Possibly you starved them to death? At a month old they are unable to fully eat on their own and are not even closed yo being weaned.

If you have a vet nearby you might consider taking the bodies to the vet and ask them to do a necropsy (this is a bird autopsy)...this way you can find out what the cause of death was.


----------



## Mexicanbirdman (Apr 20, 2011)

srtiels said:


> Possibly you starved them to death? At a mo9nth old they are unable to fully eat on their own and are not even closed yo being weaned.
> 
> If you have a vet nearby you might consider taking the bodies to the vet and ask them to do a necropsy (this is a bird autopsy)...this way you can find out what the cause of death was.


Tnkx man ima take it 2 the vet and see what happned to him thnx


----------



## KTyne (Apr 16, 2011)

When you gave them apple did they eat any of the seeds in the apple?
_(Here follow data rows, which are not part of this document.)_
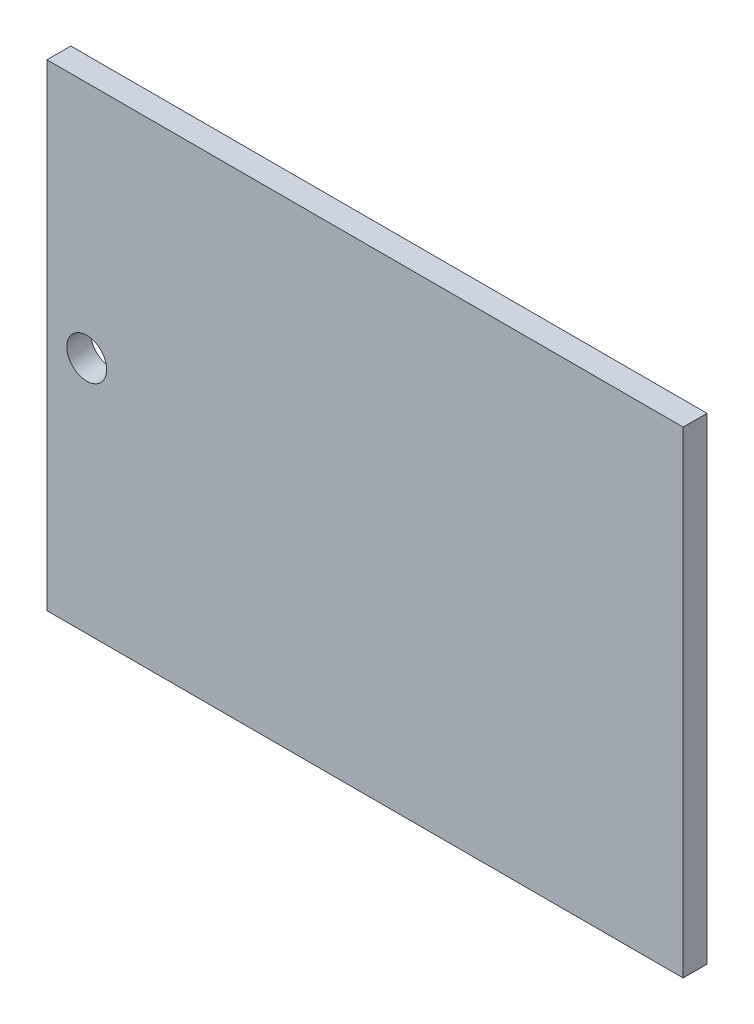
ISO-10303-21;
HEADER;
FILE_DESCRIPTION(('STEP AP214'),'2;1');
FILE_NAME('part.step','',(''),(''),'','','');
FILE_SCHEMA(('AUTOMOTIVE_DESIGN { 1 0 10303 214 1 1 1 1 }'));
ENDSEC;
DATA;
#1=APPLICATION_CONTEXT('core data for automotive mechanical design processes');
#2=APPLICATION_PROTOCOL_DEFINITION('international standard','automotive_design',2000,#1);
#3=PRODUCT_CONTEXT('',#1,'mechanical');
#4=PRODUCT('Part','Part','',(#3));
#5=PRODUCT_RELATED_PRODUCT_CATEGORY('part','',(#4));
#6=PRODUCT_DEFINITION_FORMATION('','',#4);
#7=PRODUCT_DEFINITION_CONTEXT('part definition',#1,'design');
#8=PRODUCT_DEFINITION('design','',#6,#7);
#9=PRODUCT_DEFINITION_SHAPE('','',#8);
#10=(LENGTH_UNIT() NAMED_UNIT(*) SI_UNIT(.MILLI.,.METRE.));
#11=(NAMED_UNIT(*) PLANE_ANGLE_UNIT() SI_UNIT($,.RADIAN.));
#12=(NAMED_UNIT(*) SI_UNIT($,.STERADIAN.) SOLID_ANGLE_UNIT());
#13=UNCERTAINTY_MEASURE_WITH_UNIT(LENGTH_MEASURE(1.E-05),#10,'distance_accuracy_value','');
#14=(GEOMETRIC_REPRESENTATION_CONTEXT(3) GLOBAL_UNCERTAINTY_ASSIGNED_CONTEXT((#13)) GLOBAL_UNIT_ASSIGNED_CONTEXT((#10,
#11,#12)) REPRESENTATION_CONTEXT('',''));
#15=CARTESIAN_POINT('',(0.,0.,0.));
#16=DIRECTION('',(0.,0.,1.));
#17=DIRECTION('',(1.,0.,0.));
#18=AXIS2_PLACEMENT_3D('',#15,#16,#17);
#19=CARTESIAN_POINT('',(20.,-15.,1.5));
#20=DIRECTION('',(-1.,0.,0.));
#21=DIRECTION('',(0.,0.,1.));
#22=AXIS2_PLACEMENT_3D('',#19,#20,#21);
#23=PLANE('',#22);
#24=DIRECTION('',(0.,1.,0.));
#25=VECTOR('',#24,1.);
#26=CARTESIAN_POINT('',(20.,-15.,0.));
#27=LINE('',#26,#25);
#28=CARTESIAN_POINT('',(20.,-15.,0.));
#29=VERTEX_POINT('',#28);
#30=CARTESIAN_POINT('',(20.,15.,0.));
#31=VERTEX_POINT('',#30);
#32=EDGE_CURVE('E105',#29,#31,#27,.T.);
#33=ORIENTED_EDGE('',*,*,#32,.T.);
#34=DIRECTION('',(0.,0.,-1.));
#35=VECTOR('',#34,1.);
#36=CARTESIAN_POINT('',(20.,15.,1.5));
#37=LINE('',#36,#35);
#38=CARTESIAN_POINT('',(20.,15.,1.5));
#39=VERTEX_POINT('',#38);
#40=EDGE_CURVE('E11',#39,#31,#37,.T.);
#41=ORIENTED_EDGE('',*,*,#40,.F.);
#42=DIRECTION('',(0.,1.,0.));
#43=VECTOR('',#42,1.);
#44=CARTESIAN_POINT('',(20.,-15.,1.5));
#45=LINE('',#44,#43);
#46=CARTESIAN_POINT('',(20.,-15.,1.5));
#47=VERTEX_POINT('',#46);
#48=EDGE_CURVE('E89',#47,#39,#45,.T.);
#49=ORIENTED_EDGE('',*,*,#48,.F.);
#50=DIRECTION('',(0.,0.,-1.));
#51=VECTOR('',#50,1.);
#52=CARTESIAN_POINT('',(20.,-15.,1.5));
#53=LINE('',#52,#51);
#54=EDGE_CURVE('E98',#47,#29,#53,.T.);
#55=ORIENTED_EDGE('',*,*,#54,.T.);
#56=EDGE_LOOP('',(#33,#41,#49,#55));
#57=FACE_BOUND('',#56,.T.);
#58=ADVANCED_FACE('F39',(#57),#23,.F.);
#59=CARTESIAN_POINT('',(-20.,15.,1.5));
#60=DIRECTION('',(0.,-1.,0.));
#61=DIRECTION('',(0.,0.,-1.));
#62=AXIS2_PLACEMENT_3D('',#59,#60,#61);
#63=PLANE('',#62);
#64=DIRECTION('',(-1.,0.,0.));
#65=VECTOR('',#64,1.);
#66=CARTESIAN_POINT('',(-20.,15.,0.));
#67=LINE('',#66,#65);
#68=CARTESIAN_POINT('',(-20.,15.,0.));
#69=VERTEX_POINT('',#68);
#70=EDGE_CURVE('E94',#31,#69,#67,.T.);
#71=ORIENTED_EDGE('',*,*,#70,.T.);
#72=DIRECTION('',(0.,0.,-1.));
#73=VECTOR('',#72,1.);
#74=CARTESIAN_POINT('',(-20.,15.,1.5));
#75=LINE('',#74,#73);
#76=CARTESIAN_POINT('',(-20.,15.,1.5));
#77=VERTEX_POINT('',#76);
#78=EDGE_CURVE('E50',#77,#69,#75,.T.);
#79=ORIENTED_EDGE('',*,*,#78,.F.);
#80=DIRECTION('',(-1.,0.,0.));
#81=VECTOR('',#80,1.);
#82=CARTESIAN_POINT('',(-20.,15.,1.5));
#83=LINE('',#82,#81);
#84=EDGE_CURVE('E84',#39,#77,#83,.T.);
#85=ORIENTED_EDGE('',*,*,#84,.F.);
#86=ORIENTED_EDGE('',*,*,#40,.T.);
#87=EDGE_LOOP('',(#71,#79,#85,#86));
#88=FACE_BOUND('',#87,.T.);
#89=ADVANCED_FACE('F91',(#88),#63,.F.);
#90=CARTESIAN_POINT('',(-20.,-15.,1.5));
#91=DIRECTION('',(1.,0.,0.));
#92=DIRECTION('',(0.,0.,-1.));
#93=AXIS2_PLACEMENT_3D('',#90,#91,#92);
#94=PLANE('',#93);
#95=DIRECTION('',(0.,-1.,0.));
#96=VECTOR('',#95,1.);
#97=CARTESIAN_POINT('',(-20.,-15.,0.));
#98=LINE('',#97,#96);
#99=CARTESIAN_POINT('',(-20.,-15.,0.));
#100=VERTEX_POINT('',#99);
#101=EDGE_CURVE('E75',#69,#100,#98,.T.);
#102=ORIENTED_EDGE('',*,*,#101,.T.);
#103=DIRECTION('',(0.,0.,-1.));
#104=VECTOR('',#103,1.);
#105=CARTESIAN_POINT('',(-20.,-15.,1.5));
#106=LINE('',#105,#104);
#107=CARTESIAN_POINT('',(-20.,-15.,1.5));
#108=VERTEX_POINT('',#107);
#109=EDGE_CURVE('E92',#108,#100,#106,.T.);
#110=ORIENTED_EDGE('',*,*,#109,.F.);
#111=DIRECTION('',(0.,-1.,0.));
#112=VECTOR('',#111,1.);
#113=CARTESIAN_POINT('',(-20.,-15.,1.5));
#114=LINE('',#113,#112);
#115=EDGE_CURVE('E86',#77,#108,#114,.T.);
#116=ORIENTED_EDGE('',*,*,#115,.F.);
#117=ORIENTED_EDGE('',*,*,#78,.T.);
#118=EDGE_LOOP('',(#102,#110,#116,#117));
#119=FACE_BOUND('',#118,.T.);
#120=ADVANCED_FACE('F96',(#119),#94,.F.);
#121=CARTESIAN_POINT('',(-20.,-15.,1.5));
#122=DIRECTION('',(0.,1.,0.));
#123=DIRECTION('',(0.,0.,1.));
#124=AXIS2_PLACEMENT_3D('',#121,#122,#123);
#125=PLANE('',#124);
#126=DIRECTION('',(1.,0.,0.));
#127=VECTOR('',#126,1.);
#128=CARTESIAN_POINT('',(-20.,-15.,0.));
#129=LINE('',#128,#127);
#130=EDGE_CURVE('E79',#100,#29,#129,.T.);
#131=ORIENTED_EDGE('',*,*,#130,.T.);
#132=ORIENTED_EDGE('',*,*,#54,.F.);
#133=DIRECTION('',(1.,0.,0.));
#134=VECTOR('',#133,1.);
#135=CARTESIAN_POINT('',(-20.,-15.,1.5));
#136=LINE('',#135,#134);
#137=EDGE_CURVE('E54',#108,#47,#136,.T.);
#138=ORIENTED_EDGE('',*,*,#137,.F.);
#139=ORIENTED_EDGE('',*,*,#109,.T.);
#140=EDGE_LOOP('',(#131,#132,#138,#139));
#141=FACE_BOUND('',#140,.T.);
#142=ADVANCED_FACE('F109',(#141),#125,.F.);
#143=CARTESIAN_POINT('',(0.,0.,1.5));
#144=DIRECTION('',(0.,0.,-1.));
#145=DIRECTION('',(-1.,0.,0.));
#146=AXIS2_PLACEMENT_3D('',#143,#144,#145);
#147=PLANE('',#146);
#148=CARTESIAN_POINT('',(-17.5,0.,1.5));
#149=DIRECTION('',(0.,0.,1.));
#150=DIRECTION('',(1.,0.,0.));
#151=AXIS2_PLACEMENT_3D('',#148,#149,#150);
#152=CIRCLE('',#151,1.25);
#153=CARTESIAN_POINT('',(-16.25,0.,1.5));
#154=VERTEX_POINT('',#153);
#155=EDGE_CURVE('E117',#154,#154,#152,.T.);
#156=ORIENTED_EDGE('',*,*,#155,.F.);
#157=EDGE_LOOP('',(#156));
#158=FACE_BOUND('',#157,.T.);
#159=ORIENTED_EDGE('',*,*,#48,.T.);
#160=ORIENTED_EDGE('',*,*,#84,.T.);
#161=ORIENTED_EDGE('',*,*,#115,.T.);
#162=ORIENTED_EDGE('',*,*,#137,.T.);
#163=EDGE_LOOP('',(#159,#160,#161,#162));
#164=FACE_BOUND('',#163,.T.);
#165=ADVANCED_FACE('F88',(#158,#164),#147,.F.);
#166=CARTESIAN_POINT('',(0.,0.,0.));
#167=DIRECTION('',(0.,0.,-1.));
#168=DIRECTION('',(-1.,0.,0.));
#169=AXIS2_PLACEMENT_3D('',#166,#167,#168);
#170=PLANE('',#169);
#171=CARTESIAN_POINT('',(-17.5,0.,0.));
#172=DIRECTION('',(0.,0.,1.));
#173=DIRECTION('',(1.,0.,0.));
#174=AXIS2_PLACEMENT_3D('',#171,#172,#173);
#175=CIRCLE('',#174,1.25);
#176=CARTESIAN_POINT('',(-16.25,0.,0.));
#177=VERTEX_POINT('',#176);
#178=EDGE_CURVE('E104',#177,#177,#175,.T.);
#179=ORIENTED_EDGE('',*,*,#178,.T.);
#180=EDGE_LOOP('',(#179));
#181=FACE_BOUND('',#180,.T.);
#182=ORIENTED_EDGE('',*,*,#32,.F.);
#183=ORIENTED_EDGE('',*,*,#130,.F.);
#184=ORIENTED_EDGE('',*,*,#101,.F.);
#185=ORIENTED_EDGE('',*,*,#70,.F.);
#186=EDGE_LOOP('',(#182,#183,#184,#185));
#187=FACE_BOUND('',#186,.T.);
#188=ADVANCED_FACE('F114',(#181,#187),#170,.T.);
#189=CARTESIAN_POINT('',(-17.5,0.,0.));
#190=DIRECTION('',(0.,0.,1.));
#191=DIRECTION('',(1.,0.,0.));
#192=AXIS2_PLACEMENT_3D('',#189,#190,#191);
#193=CYLINDRICAL_SURFACE('',#192,1.25);
#194=ORIENTED_EDGE('',*,*,#178,.F.);
#195=EDGE_LOOP('',(#194));
#196=FACE_BOUND('',#195,.T.);
#197=ORIENTED_EDGE('',*,*,#155,.T.);
#198=EDGE_LOOP('',(#197));
#199=FACE_BOUND('',#198,.T.);
#200=ADVANCED_FACE('F123',(#196,#199),#193,.F.);
#201=CLOSED_SHELL('',(#58,#89,#120,#142,#165,#188,#200));
#202=MANIFOLD_SOLID_BREP('B2',#201);
#203=ADVANCED_BREP_SHAPE_REPRESENTATION('',(#18,#202),#14);
#204=SHAPE_DEFINITION_REPRESENTATION(#9,#203);
ENDSEC;
END-ISO-10303-21;

Apple seeds have cyanide in them and I'm not sure how a bird would react to that.


----------



## MeanneyFids (Aug 24, 2010)

that is a good point, KTyne


----------



## KTyne (Apr 16, 2011)

Fruit, as good as it can be for pets, it can also be extremely dangerous!
My neighbours dog almost died from eating the pit of a Peach because of the poisons in the pit.


----------



## MeanneyFids (Aug 24, 2010)

i think it may be worth looking into for this person. i know apple seeds are toxic and so are cherry pits and the like. i wonder if mexicanbirdman accidentally fed apple seeds to them. if not, then srtiels may be right. shes very good on all sorts of tiel stuff


----------



## KTyne (Apr 16, 2011)

Yeah, I'm completely new to birds so I'm not sure what could have happened, but the apple seed thing just seemed possible to me. 

"so i fed them apple until they learned how to eat seeds now thy eat seeds" - this is what made me think she/he might have fed them apple seeds....

Now though I'm thinking that she has just been feeding them apple as a substitue to seeds until they can eat them.


----------



## MeanneyFids (Aug 24, 2010)

i have no clue, but he or she is bringing the birds to the vet so we should find out if they tell us. hopefully it wasnt anything bad


----------



## srtiels (May 1, 2009)

*Apple seeds have cyanide in them and I'm not sure how a bird would react to that.*
*----------------------------------*

It would take *Alot* of apple seeds over a couple months to to cause a serious problem.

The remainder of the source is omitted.